Alibaba is running the same play Red Hat perfected with Linux: give the software away, charge for everything around it.
This week Qwen, Alibaba's AI research arm, released Qwen3.6-35B-A3B — a coding model that runs efficiently on consumer hardware, activating only 3 billion of its 35 billion total parameters per inference under the Apache 2.0 open-source license. The same week, it released Qwen3.6-Plus as a proprietary, API-only offering accessible only through Alibaba Cloud, according to Wikipedia's Qwen entry. Taken together, the dual-release is a two-track strategy that reveals how Alibaba is positioning itself in the agentic coding race against Google, OpenAI, and Anthropic.
The open-weights model is the funnel. Developers who download, experiment with, and deploy Qwen3.6-35B-A3B on their own infrastructure are being steered toward a proprietary endpoint they will eventually need: the Plus tier, which carries usage-based API pricing on Alibaba's cloud. It is a classic land-grab play dressed in the language of open-source community stewardship.
The benchmarks support the strategy. On SWE-bench Verified — a gold-standard test of how well AI models handle real software engineering tasks drawn from open-source repositories — Qwen3.6-35B-A3B scored 73.4, compared to Google Gemma4-31B's 52.0. On Terminal-Bench 2.0, which measures multi-step agentic behavior at the terminal, it scored 51.5 against Gemma4-31B's 42.9. These are not marginal improvements. The 3-billion-active-parameter model is beating Google's 31-billion-dense model by margins that suggest the architecture has crossed a practical threshold.
The architecture in question is a sparse mixture-of-experts design, and it matters for the economics. A model that activates only 3 billion parameters per inference runs on hardware that costs a fraction of what a dense 31B model requires. An engineer with a consumer GPU can now run a coding agent that matches or exceeds what Google offers through its paid API.

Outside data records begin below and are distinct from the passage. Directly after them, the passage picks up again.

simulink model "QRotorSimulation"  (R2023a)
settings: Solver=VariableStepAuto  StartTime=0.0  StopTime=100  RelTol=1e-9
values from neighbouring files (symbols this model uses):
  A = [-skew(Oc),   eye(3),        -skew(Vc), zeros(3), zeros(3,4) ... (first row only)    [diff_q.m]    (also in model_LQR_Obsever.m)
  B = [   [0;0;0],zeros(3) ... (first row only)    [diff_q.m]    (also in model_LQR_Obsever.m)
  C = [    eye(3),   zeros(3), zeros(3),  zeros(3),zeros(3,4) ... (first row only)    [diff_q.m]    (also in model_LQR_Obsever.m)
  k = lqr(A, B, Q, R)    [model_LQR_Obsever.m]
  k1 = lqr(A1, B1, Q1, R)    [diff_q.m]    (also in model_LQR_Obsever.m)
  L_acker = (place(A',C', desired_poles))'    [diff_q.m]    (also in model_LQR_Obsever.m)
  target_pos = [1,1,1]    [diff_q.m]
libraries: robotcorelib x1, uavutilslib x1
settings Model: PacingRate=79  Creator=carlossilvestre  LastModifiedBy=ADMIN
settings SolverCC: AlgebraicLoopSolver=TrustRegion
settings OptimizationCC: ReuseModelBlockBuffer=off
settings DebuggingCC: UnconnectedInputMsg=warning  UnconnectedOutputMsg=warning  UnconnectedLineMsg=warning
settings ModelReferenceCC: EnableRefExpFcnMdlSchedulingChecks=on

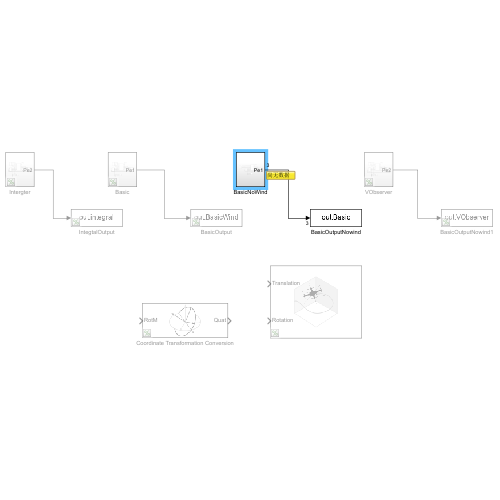
[thumbnail: Simulink's stored preview of the top-level diagram]
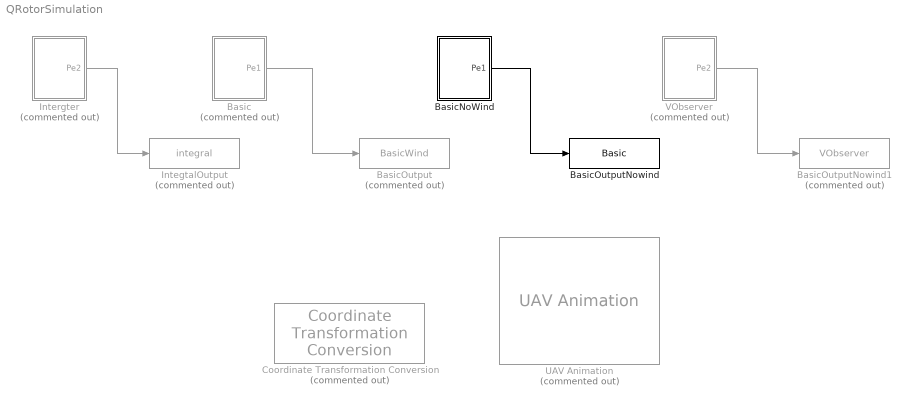
== system QRotorSimulation ==
  Basic : Subsystem  Commented=on
  BasicNoWind : Subsystem
  BasicOutput : ToWorkspace  Commented=on  VariableName=BasicWind  SaveFormat=Timeseries  SampleTime=-1
  BasicOutputNowind : ToWorkspace  VariableName=Basic  SaveFormat=Timeseries  SampleTime=-1
  BasicOutputNowind1 : ToWorkspace  Commented=on  VariableName=VObserver  SaveFormat=Timeseries  SampleTime=-1
  Coordinate Transformation Conversion : robotcorelib/Coordinate Transformation Conversion  Commented=on  InputRepresentation=Rotation Matrix  InputEulerSequence=ZYX  ShowTrVecInputPort=on  OutputRepresentation=Quaternion  OutputEulerSequence=ZYX  ShowTrVecOutputPort=on  SimulateUsing=Interpreted execution
      settings: LibrarySourceBlock=uavutilslib/Coordinate Transformation Conversion
  IntegtalOutput : ToWorkspace  Commented=on  VariableName=integral  SaveFormat=Timeseries  SampleTime=-1
  Intergter : Subsystem  Commented=on
  UAV Animation : uavutilslib/UAV Animation  Commented=on  UAVType=Multirotor  UAVSize=1  InertialZDirection=Down  SampleTime=-1
  VObserver : Subsystem  Commented=on
  wires:
  Intergter/1(Pe2) -> IntegtalOutput/1
  Basic/1(Pe1) -> BasicOutput/1
  BasicNoWind/1(Pe1) -> BasicOutputNowind/1
  VObserver/1(Pe2) -> BasicOutputNowind1/1

== system QRotorSimulation/Basic ==
  Constant : Constant  Value=k1
  Controller : Subsystem
  Demux : Demux  Outputs=3
  Nonlinear Transformation : MATLAB Function  TreatAsAtomicUnit=on
  Quardrotor : Subsystem
  Target Generator : Subsystem
  Ve : Scope
  XY Graph : Record  FileSettingsInternal="{\"entries\":[{\"content\":{\"excelSettings\":{\"content\":{},\"type\":\"Streamout.ExcelSettings\"}},\"type\":\"Streamout.FileSettingStorage\",\"uuid\":\"0487771f-67df-4d95-832c-7bf71d09cbca\"}],\"packageUris\":[\"http://schema.mathworks.com/mf0/streamout_blocks/R2020a\"],\"version\":\"1.0\"}"  Layout=[1 1]  SignalsInternal="{\"entries\":[{\"content\":{\"signals\":[{\"content\":{\"blockPath\":[\"QRotorSimulation/Basic/XY Graph\"],\"dimensions\":[1],\"domain\":\"QRotorSimulation/Basic/XY Graph\",\"lineColor\":\"#d95319\",\"port\":1,\"signalID\":1086,\"signalName\":\"Demux:1\"},\"type\":\"RecordBlkView.Signal\",\"uuid\":\"f90e91e6-e4ac-4811-9662-c694516e1994\"},{\"content\":{\"blockPath\":[\"QRotorSimulation/Basic/XY Graph\"],\"dimensions\":[1],\"domain\":\"QRotorSimulation/Basic/XY Graph\",\"lineColor\":\"#edb120\",\"port\":2,\"signalID\":1089,\"signalName\":\"Demux:2\"},\"type\":\"RecordBlkView.Signal\",\"uuid\":\"4a6e3aa6-85d4-4a9f-a4ee-96b742c40e35\"}]},\"type\":\"RecordBlkView.InputSignals\",\"uuid\":\"6a15db31-b281-48b1-89f1-5f9fae2ff927\"}],\"packageUris\":[\"http://schema.mathworks.com/mf0/streamout_blocks/R2020a\"],\"version\":\"1.0\"}"  VisualizationBindings="{\"xyplotplugin\":{\"info\":[{\"series\":[],\"subplotID\":1}]}}"  CompatibilityTag=XY
  Pe1 : Outport
  wires:
  Quardrotor/1(P) -> Demux/1, Pe1/1, Nonlinear Transformation/5(P)
  Quardrotor/3(Omega) -> Nonlinear Transformation/7(Omega)
  Nonlinear Transformation/3(Le) -> Controller/3(Le)
  Constant/1 -> Controller/5(k)
  Controller/2(T) -> Quardrotor/2(Thrust)
  Target Generator/4(Omega C) -> Nonlinear Transformation/3(OmeagC)
  Target Generator/5(R C) -> Nonlinear Transformation/4(Rc)
  Nonlinear Transformation/4(Pe) -> Controller/4(Pe)
  Nonlinear Transformation/1(Ve) -> Ve/1, Controller/1(Ve)
  Target Generator/2(Velocity C) -> Nonlinear Transformation/2(Vc)
  Quardrotor/2(V) -> Nonlinear Transformation/6(V)
  Nonlinear Transformation/2(Oe) -> Controller/2(Oe)
  Controller/1(n) -> Quardrotor/1(Torque)
  Target Generator/1(Position C) -> Nonlinear Transformation/1(Pc)
  Demux/2 -> XY Graph/2
  Demux/1 -> XY Graph/1
  Quardrotor/4(R) -> Nonlinear Transformation/8(R)

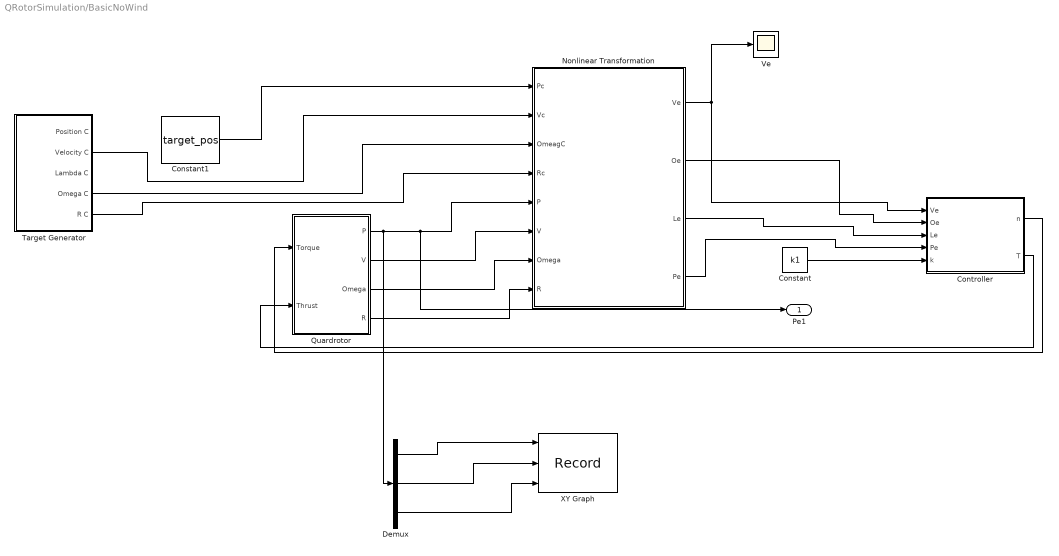
== system QRotorSimulation/BasicNoWind ==
  Constant : Constant  Value=k1
  Constant1 : Constant  Value=target_pos
  Controller : Subsystem
  Demux : Demux  Outputs=3
  Nonlinear Transformation : MATLAB Function  TreatAsAtomicUnit=on
  Quardrotor : Subsystem
  Target Generator : Subsystem
  Ve : Scope
  XY Graph : Record  FileSettingsInternal="{\"entries\":[{\"content\":{\"excelSettings\":{\"content\":{},\"type\":\"Streamout.ExcelSettings\"}},\"type\":\"Streamout.FileSettingStorage\",\"uuid\":\"6b954509-a0f9-4bc4-929f-937e6fe2c196\"}],\"packageUris\":[\"http://schema.mathworks.com/mf0/streamout_blocks/R2020a\"],\"version\":\"1.0\"}"  Layout=[1 1]  SignalsInternal="{\"entries\":[{\"content\":{\"signals\":[{\"content\":{\"blockPath\":[\"QRotorSimulation/BasicNoWind/XY Graph\"],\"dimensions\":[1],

Google has no immediate answer. Its Gemma4-31B is a dense model — every inference activates the full parameter count — and Google's release cadence has not produced a comparable open-weights sparse coding model. The gap Alibaba has opened is not just performance; it is an architectural one that translates directly into cost advantages at inference time.
The question is whether the funnel holds. If Qwen3.6-Plus appears on third-party model marketplaces or cloud providers outside Alibaba's control, the acquisition theory collapses — developers would have a managed option that does not route through Alibaba Cloud. Alibaba's incentive is to keep the Plus tier exclusive. How strictly that exclusivity holds will determine whether this strategy delivers the cloud adoption it is designed to produce.
What is already clear is that the dual-release pattern is not accidental. Qwen has released multiple model checkpoints as open weights while keeping larger or more capable variants proprietary — the same way Red Hat distributed RHEL as open-source while building an enterprise services business on top. The open-source label is real; so is the monetization layer underneath it.